眉尾的灼烫,让宫岩轻拧着眉心,往后撤开。
随着他的动作,眼前飘下来几颗灰烬。
彰显着小儿子的混不吝。
……混蛋!
宫岩扬手要打他,在空中滞了滞,转了方向,掐住长长的烟身,从秦域唇间摘下来。
“吸烟有害健康,少抽点。”
秦域一手吊着,一手的食指拇指捏住了烟身,将那根被夺走的半截烟,又抢回来。
放肆地在宫岩手边弹了弹烟灰,半垂着视线,冷笑,“现在才管,晚了。”
“我知道,我以前做的不到位,伤了你的心,”宫岩沉了沉气,温声道,“但你终究是我儿子,打断骨头连着筋,我是你父亲,我不会害你——”
“够了。”
秦域不耐烦地直起了身子,“要煽情,回去煽。”
他冷漠地从宫岩身边绕过。
走向唐酒。
宫岩望着他桀骜不驯的背影,缓缓开口,“老爷子的遗嘱,你不用放在心上。”
“你母亲死后,老爷子有了心结,仇视一切导致他女儿离开的人。”
“这事,怪我。”
宫岩在忏悔,“是我,用那颗药救了唐夫人,你母亲才在生下你不久后去世。老爷子恨我,恨唐家,恨唐家那刚出生的小姑娘,也在情理之中……”

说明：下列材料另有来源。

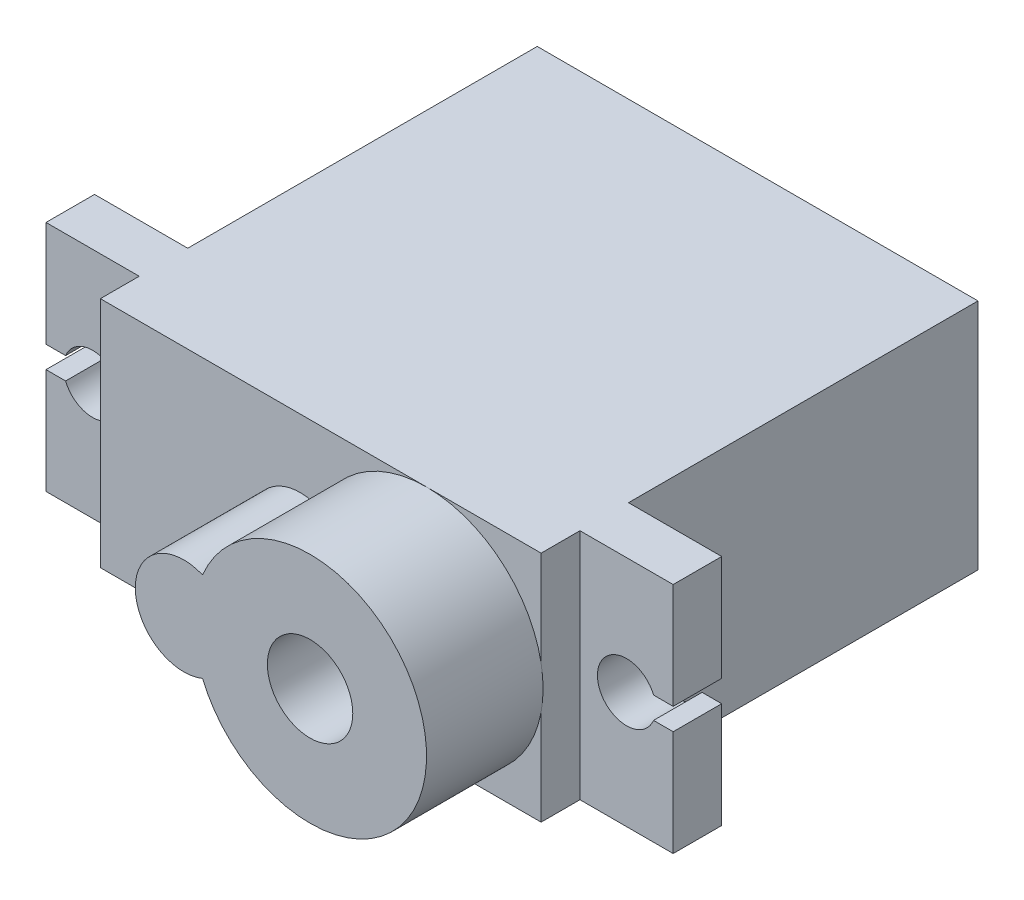
ISO-10303-21;
HEADER;
FILE_DESCRIPTION(('STEP AP214'),'2;1');
FILE_NAME('part.step','',(''),(''),'','','');
FILE_SCHEMA(('AUTOMOTIVE_DESIGN { 1 0 10303 214 1 1 1 1 }'));
ENDSEC;
DATA;
#1=APPLICATION_CONTEXT('core data for automotive mechanical design processes');
#2=APPLICATION_PROTOCOL_DEFINITION('international standard','automotive_design',2000,#1);
#3=PRODUCT_CONTEXT('',#1,'mechanical');
#4=PRODUCT('Part','Part','',(#3));
#5=PRODUCT_RELATED_PRODUCT_CATEGORY('part','',(#4));
#6=PRODUCT_DEFINITION_FORMATION('','',#4);
#7=PRODUCT_DEFINITION_CONTEXT('part definition',#1,'design');
#8=PRODUCT_DEFINITION('design','',#6,#7);
#9=PRODUCT_DEFINITION_SHAPE('','',#8);
#10=(LENGTH_UNIT() NAMED_UNIT(*) SI_UNIT(.MILLI.,.METRE.));
#11=(NAMED_UNIT(*) PLANE_ANGLE_UNIT() SI_UNIT($,.RADIAN.));
#12=(NAMED_UNIT(*) SI_UNIT($,.STERADIAN.) SOLID_ANGLE_UNIT());
#13=UNCERTAINTY_MEASURE_WITH_UNIT(LENGTH_MEASURE(1.E-05),#10,'distance_accuracy_value','');
#14=(GEOMETRIC_REPRESENTATION_CONTEXT(3) GLOBAL_UNCERTAINTY_ASSIGNED_CONTEXT((#13)) GLOBAL_UNIT_ASSIGNED_CONTEXT((#10,
#11,#12)) REPRESENTATION_CONTEXT('',''));
#15=CARTESIAN_POINT('',(0.,0.,0.));
#16=DIRECTION('',(0.,0.,1.));
#17=DIRECTION('',(1.,0.,0.));
#18=AXIS2_PLACEMENT_3D('',#15,#16,#17);
#19=CARTESIAN_POINT('',(-3.68951663117515,5.43498351110742,16.3));
#20=DIRECTION('',(0.,1.,0.));
#21=DIRECTION('',(1.,0.,0.));
#22=AXIS2_PLACEMENT_3D('',#19,#20,#21);
#23=PLANE('',#22);
#24=DIRECTION('',(-1.,0.,0.));
#25=VECTOR('',#24,1.);
#26=CARTESIAN_POINT('',(3.88024168441243,5.43498351110743,18.));
#27=LINE('',#26,#25);
#28=CARTESIAN_POINT('',(-3.68951663117515,5.43498351110742,18.));
#29=VERTEX_POINT('',#28);
#30=CARTESIAN_POINT('',(-4.7,5.43498351110742,18.));
#31=VERTEX_POINT('',#30);
#32=EDGE_CURVE('E306',#29,#31,#27,.T.);
#33=ORIENTED_EDGE('',*,*,#32,.T.);
#34=DIRECTION('',(0.,0.,1.));
#35=VECTOR('',#34,1.);
#36=CARTESIAN_POINT('',(-4.7,5.43498351110742,16.3));
#37=LINE('',#36,#35);
#38=CARTESIAN_POINT('',(-4.7,5.43498351110742,20.5));
#39=VERTEX_POINT('',#38);
#40=EDGE_CURVE('E11',#31,#39,#37,.T.);
#41=ORIENTED_EDGE('',*,*,#40,.T.);
#42=DIRECTION('',(-1.,0.,0.));
#43=VECTOR('',#42,1.);
#44=CARTESIAN_POINT('',(3.88024168441243,5.43498351110743,20.5));
#45=LINE('',#44,#43);
#46=CARTESIAN_POINT('',(-3.68951663117515,5.43498351110742,20.5));
#47=VERTEX_POINT('',#46);
#48=EDGE_CURVE('E331',#47,#39,#45,.T.);
#49=ORIENTED_EDGE('',*,*,#48,.F.);
#50=DIRECTION('',(0.,0.,1.));
#51=VECTOR('',#50,1.);
#52=CARTESIAN_POINT('',(-3.68951663117515,5.43498351110742,16.3));
#53=LINE('',#52,#51);
#54=EDGE_CURVE('E312',#29,#47,#53,.T.);
#55=ORIENTED_EDGE('',*,*,#54,.F.);
#56=EDGE_LOOP('',(#33,#41,#49,#55));
#57=FACE_BOUND('',#56,.T.);
#58=ADVANCED_FACE('F17',(#57),#23,.T.);
#59=CARTESIAN_POINT('',(-4.7,5.43498351110742,16.3));
#60=DIRECTION('',(-1.,0.,0.));
#61=DIRECTION('',(0.,0.,1.));
#62=AXIS2_PLACEMENT_3D('',#59,#60,#61);
#63=PLANE('',#62);
#64=DIRECTION('',(0.,-1.,0.));
#65=VECTOR('',#64,1.);
#66=CARTESIAN_POINT('',(-4.7,5.71749175555371,18.));
#67=LINE('',#66,#65);
#68=CARTESIAN_POINT('',(-4.7,0.,18.));
#69=VERTEX_POINT('',#68);
#70=EDGE_CURVE('E303',#31,#69,#67,.T.);
#71=ORIENTED_EDGE('',*,*,#70,.T.);
#72=DIRECTION('',(0.,0.,1.));
#73=VECTOR('',#72,1.);
#74=CARTESIAN_POINT('',(-4.7,0.,12.225));
#75=LINE('',#74,#73);
#76=CARTESIAN_POINT('',(-4.7,0.,20.5));
#77=VERTEX_POINT('',#76);
#78=EDGE_CURVE('E506',#69,#77,#75,.T.);
#79=ORIENTED_EDGE('',*,*,#78,.T.);
#80=DIRECTION('',(0.,-1.,0.));
#81=VECTOR('',#80,1.);
#82=CARTESIAN_POINT('',(-4.7,5.71749175555371,20.5));
#83=LINE('',#82,#81);
#84=EDGE_CURVE('E335',#39,#77,#83,.T.);
#85=ORIENTED_EDGE('',*,*,#84,.F.);
#86=ORIENTED_EDGE('',*,*,#40,.F.);
#87=EDGE_LOOP('',(#71,#79,#85,#86));
#88=FACE_BOUND('',#87,.T.);
#89=ADVANCED_FACE('F578',(#88),#63,.T.);
#90=CARTESIAN_POINT('',(27.6,0.,16.3));
#91=DIRECTION('',(1.,0.,0.));
#92=DIRECTION('',(0.,1.,0.));
#93=AXIS2_PLACEMENT_3D('',#90,#91,#92);
#94=PLANE('',#93);
#95=DIRECTION('',(0.,1.,0.));
#96=VECTOR('',#95,1.);
#97=CARTESIAN_POINT('',(27.6,3.,18.));
#98=LINE('',#97,#96);
#99=CARTESIAN_POINT('',(27.6,0.,18.));
#100=VERTEX_POINT('',#99);
#101=CARTESIAN_POINT('',(27.6,5.43498351110742,18.));
#102=VERTEX_POINT('',#101);
#103=EDGE_CURVE('E450',#100,#102,#98,.T.);
#104=ORIENTED_EDGE('',*,*,#103,.T.);
#105=DIRECTION('',(0.,0.,1.));
#106=VECTOR('',#105,1.);
#107=CARTESIAN_POINT('',(27.6,5.43498351110742,16.3));
#108=LINE('',#107,#106);
#109=CARTESIAN_POINT('',(27.6,5.43498351110742,20.5));
#110=VERTEX_POINT('',#109);
#111=EDGE_CURVE('E20',#102,#110,#108,.T.);
#112=ORIENTED_EDGE('',*,*,#111,.T.);
#113=DIRECTION('',(0.,1.,0.));
#114=VECTOR('',#113,1.);
#115=CARTESIAN_POINT('',(27.6,3.,20.5));
#116=LINE('',#115,#114);
#117=CARTESIAN_POINT('',(27.6,0.,20.5));
#118=VERTEX_POINT('',#117);
#119=EDGE_CURVE('E391',#118,#110,#116,.T.);
#120=ORIENTED_EDGE('',*,*,#119,.F.);
#121=DIRECTION('',(0.,0.,1.));
#122=VECTOR('',#121,1.);
#123=CARTESIAN_POINT('',(27.6,0.,12.225));
#124=LINE('',#123,#122);
#125=EDGE_CURVE('E277',#100,#118,#124,.T.);
#126=ORIENTED_EDGE('',*,*,#125,.F.);
#127=EDGE_LOOP('',(#104,#112,#120,#126));
#128=FACE_BOUND('',#127,.T.);
#129=ADVANCED_FACE('F603',(#128),#94,.T.);
#130=CARTESIAN_POINT('',(27.7,5.43498351110742,16.3));
#131=DIRECTION('',(0.,1.,0.));
#132=DIRECTION('',(1.,0.,0.));
#133=AXIS2_PLACEMENT_3D('',#130,#131,#132);
#134=PLANE('',#133);
#135=DIRECTION('',(1.,0.,0.));
#136=VECTOR('',#135,1.);
#137=CARTESIAN_POINT('',(19.575,5.43498351110743,18.));
#138=LINE('',#137,#136);
#139=CARTESIAN_POINT('',(26.5895166311751,5.43498351110742,18.));
#140=VERTEX_POINT('',#139);
#141=EDGE_CURVE('E446',#140,#102,#138,.T.);
#142=ORIENTED_EDGE('',*,*,#141,.F.);
#143=DIRECTION('',(0.,0.,1.));
#144=VECTOR('',#143,1.);
#145=CARTESIAN_POINT('',(26.5895166311751,5.43498351110742,16.3));
#146=LINE('',#145,#144);
#147=CARTESIAN_POINT('',(26.5895166311751,5.43498351110742,20.5));
#148=VERTEX_POINT('',#147);
#149=EDGE_CURVE('E396',#140,#148,#146,.T.);
#150=ORIENTED_EDGE('',*,*,#149,.T.);
#151=DIRECTION('',(-1.,0.,0.));
#152=VECTOR('',#151,1.);
#153=CARTESIAN_POINT('',(19.575,5.43498351110743,20.5));
#154=LINE('',#153,#152);
#155=EDGE_CURVE('E395',#110,#148,#154,.T.);
#156=ORIENTED_EDGE('',*,*,#155,.F.);
#157=ORIENTED_EDGE('',*,*,#111,.F.);
#158=EDGE_LOOP('',(#142,#150,#156,#157));
#159=FACE_BOUND('',#158,.T.);
#160=ADVANCED_FACE('F607',(#159),#134,.T.);
#161=CARTESIAN_POINT('',(25.2,6.,16.3));
#162=DIRECTION('',(0.,0.,1.));
#163=DIRECTION('',(-1.,0.,0.));
#164=AXIS2_PLACEMENT_3D('',#161,#162,#163);
#165=CYLINDRICAL_SURFACE('',#164,1.50000003367761);
#166=CARTESIAN_POINT('',(25.2,6.,18.));
#167=DIRECTION('',(0.,0.,1.));
#168=DIRECTION('',(-1.,0.,0.));
#169=AXIS2_PLACEMENT_3D('',#166,#167,#168);
#170=CIRCLE('',#169,1.50000003367761);
#171=CARTESIAN_POINT('',(26.5895166311751,6.56501648889258,18.));
#172=VERTEX_POINT('',#171);
#173=EDGE_CURVE('E441',#172,#140,#170,.T.);
#174=ORIENTED_EDGE('',*,*,#173,.F.);
#175=DIRECTION('',(0.,0.,1.));
#176=VECTOR('',#175,1.);
#177=CARTESIAN_POINT('',(26.5895166311751,6.56501648889258,16.3));
#178=LINE('',#177,#176);
#179=CARTESIAN_POINT('',(26.5895166311751,6.56501648889258,20.5));
#180=VERTEX_POINT('',#179);
#181=EDGE_CURVE('E399',#172,#180,#178,.T.);
#182=ORIENTED_EDGE('',*,*,#181,.T.);
#183=CARTESIAN_POINT('',(25.2,6.,20.5));
#184=DIRECTION('',(0.,0.,-1.));
#185=DIRECTION('',(-1.,0.,0.));
#186=AXIS2_PLACEMENT_3D('',#183,#184,#185);
#187=CIRCLE('',#186,1.50000003367761);
#188=EDGE_CURVE('E285',#148,#180,#187,.T.);
#189=ORIENTED_EDGE('',*,*,#188,.F.);
#190=ORIENTED_EDGE('',*,*,#149,.F.);
#191=EDGE_LOOP('',(#174,#182,#189,#190));
#192=FACE_BOUND('',#191,.T.);
#193=ADVANCED_FACE('F613',(#192),#165,.F.);
#194=CARTESIAN_POINT('',(26.5895166311751,6.56501648889258,16.3));
#195=DIRECTION('',(0.,-1.,0.));
#196=DIRECTION('',(0.,0.,-1.));
#197=AXIS2_PLACEMENT_3D('',#194,#195,#196);
#198=PLANE('',#197);
#199=DIRECTION('',(1.,0.,0.));
#200=VECTOR('',#199,1.);
#201=CARTESIAN_POINT('',(19.0197583155876,6.56501648889257,18.));
#202=LINE('',#201,#200);
#203=CARTESIAN_POINT('',(27.6,6.56501648889258,18.));
#204=VERTEX_POINT('',#203);
#205=EDGE_CURVE('E435',#172,#204,#202,.T.);
#206=ORIENTED_EDGE('',*,*,#205,.T.);
#207=DIRECTION('',(0.,0.,1.));
#208=VECTOR('',#207,1.);
#209=CARTESIAN_POINT('',(27.6,6.56501648889258,16.3));
#210=LINE('',#209,#208);
#211=CARTESIAN_POINT('',(27.6,6.56501648889258,20.5));
#212=VERTEX_POINT('',#211);
#213=EDGE_CURVE('E469',#204,#212,#210,.T.);
#214=ORIENTED_EDGE('',*,*,#213,.T.);
#215=DIRECTION('',(1.,0.,0.));
#216=VECTOR('',#215,1.);
#217=CARTESIAN_POINT('',(19.0197583155876,6.56501648889257,20.5));
#218=LINE('',#217,#216);
#219=EDGE_CURVE('E281',#180,#212,#218,.T.);
#220=ORIENTED_EDGE('',*,*,#219,.F.);
#221=ORIENTED_EDGE('',*,*,#181,.F.);
#222=EDGE_LOOP('',(#206,#214,#220,#221));
#223=FACE_BOUND('',#222,.T.);
#224=ADVANCED_FACE('F615',(#223),#198,.T.);
#225=CARTESIAN_POINT('',(27.6,6.56501648889258,16.3));
#226=DIRECTION('',(1.,0.,0.));
#227=DIRECTION('',(0.,1.,0.));
#228=AXIS2_PLACEMENT_3D('',#225,#226,#227);
#229=PLANE('',#228);
#230=DIRECTION('',(0.,1.,0.));
#231=VECTOR('',#230,1.);
#232=CARTESIAN_POINT('',(27.6,6.28250824444629,18.));
#233=LINE('',#232,#231);
#234=CARTESIAN_POINT('',(27.6,12.,18.));
#235=VERTEX_POINT('',#234);
#236=EDGE_CURVE('E432',#204,#235,#233,.T.);
#237=ORIENTED_EDGE('',*,*,#236,.T.);
#238=DIRECTION('',(0.,0.,1.));
#239=VECTOR('',#238,1.);
#240=CARTESIAN_POINT('',(27.6,12.,12.225));
#241=LINE('',#240,#239);
#242=CARTESIAN_POINT('',(27.6,12.,20.5));
#243=VERTEX_POINT('',#242);
#244=EDGE_CURVE('E358',#235,#243,#241,.T.);
#245=ORIENTED_EDGE('',*,*,#244,.T.);
#246=DIRECTION('',(0.,1.,0.));
#247=VECTOR('',#246,1.);
#248=CARTESIAN_POINT('',(27.6,6.28250824444629,20.5));
#249=LINE('',#248,#247);
#250=EDGE_CURVE('E284',#212,#243,#249,.T.);
#251=ORIENTED_EDGE('',*,*,#250,.F.);
#252=ORIENTED_EDGE('',*,*,#213,.F.);
#253=EDGE_LOOP('',(#237,#245,#251,#252));
#254=FACE_BOUND('',#253,.T.);
#255=ADVANCED_FACE('F597',(#254),#229,.T.);
#256=CARTESIAN_POINT('',(-4.7,12.,16.3));
#257=DIRECTION('',(-1.,0.,0.));
#258=DIRECTION('',(0.,0.,1.));
#259=AXIS2_PLACEMENT_3D('',#256,#257,#258);
#260=PLANE('',#259);
#261=DIRECTION('',(0.,-1.,0.));
#262=VECTOR('',#261,1.);
#263=CARTESIAN_POINT('',(-4.7,9.,18.));
#264=LINE('',#263,#262);
#265=CARTESIAN_POINT('',(-4.7,12.,18.));
#266=VERTEX_POINT('',#265);
#267=CARTESIAN_POINT('',(-4.7,6.56501648889258,18.));
#268=VERTEX_POINT('',#267);
#269=EDGE_CURVE('E428',#266,#268,#264,.T.);
#270=ORIENTED_EDGE('',*,*,#269,.T.);
#271=DIRECTION('',(0.,0.,1.));
#272=VECTOR('',#271,1.);
#273=CARTESIAN_POINT('',(-4.7,6.56501648889258,16.3));
#274=LINE('',#273,#272);
#275=CARTESIAN_POINT('',(-4.7,6.56501648889258,20.5));
#276=VERTEX_POINT('',#275);
#277=EDGE_CURVE('E467',#268,#276,#274,.T.);
#278=ORIENTED_EDGE('',*,*,#277,.T.);
#279=DIRECTION('',(0.,-1.,0.));
#280=VECTOR('',#279,1.);
#281=CARTESIAN_POINT('',(-4.7,9.,20.5));
#282=LINE('',#281,#280);
#283=CARTESIAN_POINT('',(-4.7,12.,20.5));
#284=VERTEX_POINT('',#283);
#285=EDGE_CURVE('E319',#284,#276,#282,.T.);
#286=ORIENTED_EDGE('',*,*,#285,.F.);
#287=DIRECTION('',(0.,0.,1.));
#288=VECTOR('',#287,1.);
#289=CARTESIAN_POINT('',(-4.7,12.,12.225));
#290=LINE('',#289,#288);
#291=EDGE_CURVE('E336',#266,#284,#290,.T.);
#292=ORIENTED_EDGE('',*,*,#291,.F.);
#293=EDGE_LOOP('',(#270,#278,#286,#292));
#294=FACE_BOUND('',#293,.T.);
#295=ADVANCED_FACE('F564',(#294),#260,.T.);
#296=CARTESIAN_POINT('',(-4.8,6.56501648889258,16.3));
#297=DIRECTION('',(0.,-1.,0.));
#298=DIRECTION('',(-1.,0.,0.));
#299=AXIS2_PLACEMENT_3D('',#296,#297,#298);
#300=PLANE('',#299);
#301=DIRECTION('',(-1.,0.,0.));
#302=VECTOR('',#301,1.);
#303=CARTESIAN_POINT('',(3.325,6.56501648889257,18.));
#304=LINE('',#303,#302);
#305=CARTESIAN_POINT('',(-3.68951663117515,6.56501648889258,18.));
#306=VERTEX_POINT('',#305);
#307=EDGE_CURVE('E424',#306,#268,#304,.T.);
#308=ORIENTED_EDGE('',*,*,#307,.F.);
#309=DIRECTION('',(0.,0.,1.));
#310=VECTOR('',#309,1.);
#311=CARTESIAN_POINT('',(-3.68951663117515,6.56501648889258,16.3));
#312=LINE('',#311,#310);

“不过,唐酒虽然上了唐家的户口本,但说到底,和唐家是半路缘分,没有血缘关系,你也不算违背老爷子的遗嘱。”
“户口本,我给了唐酒,你们想结婚,虽是可以结婚。”
“过去的事,就让它过去吧,你们还年轻,要往前看。”
“……”
宫岩还在说。
秦域眉眼积压了浓浓的戾色,“滚。”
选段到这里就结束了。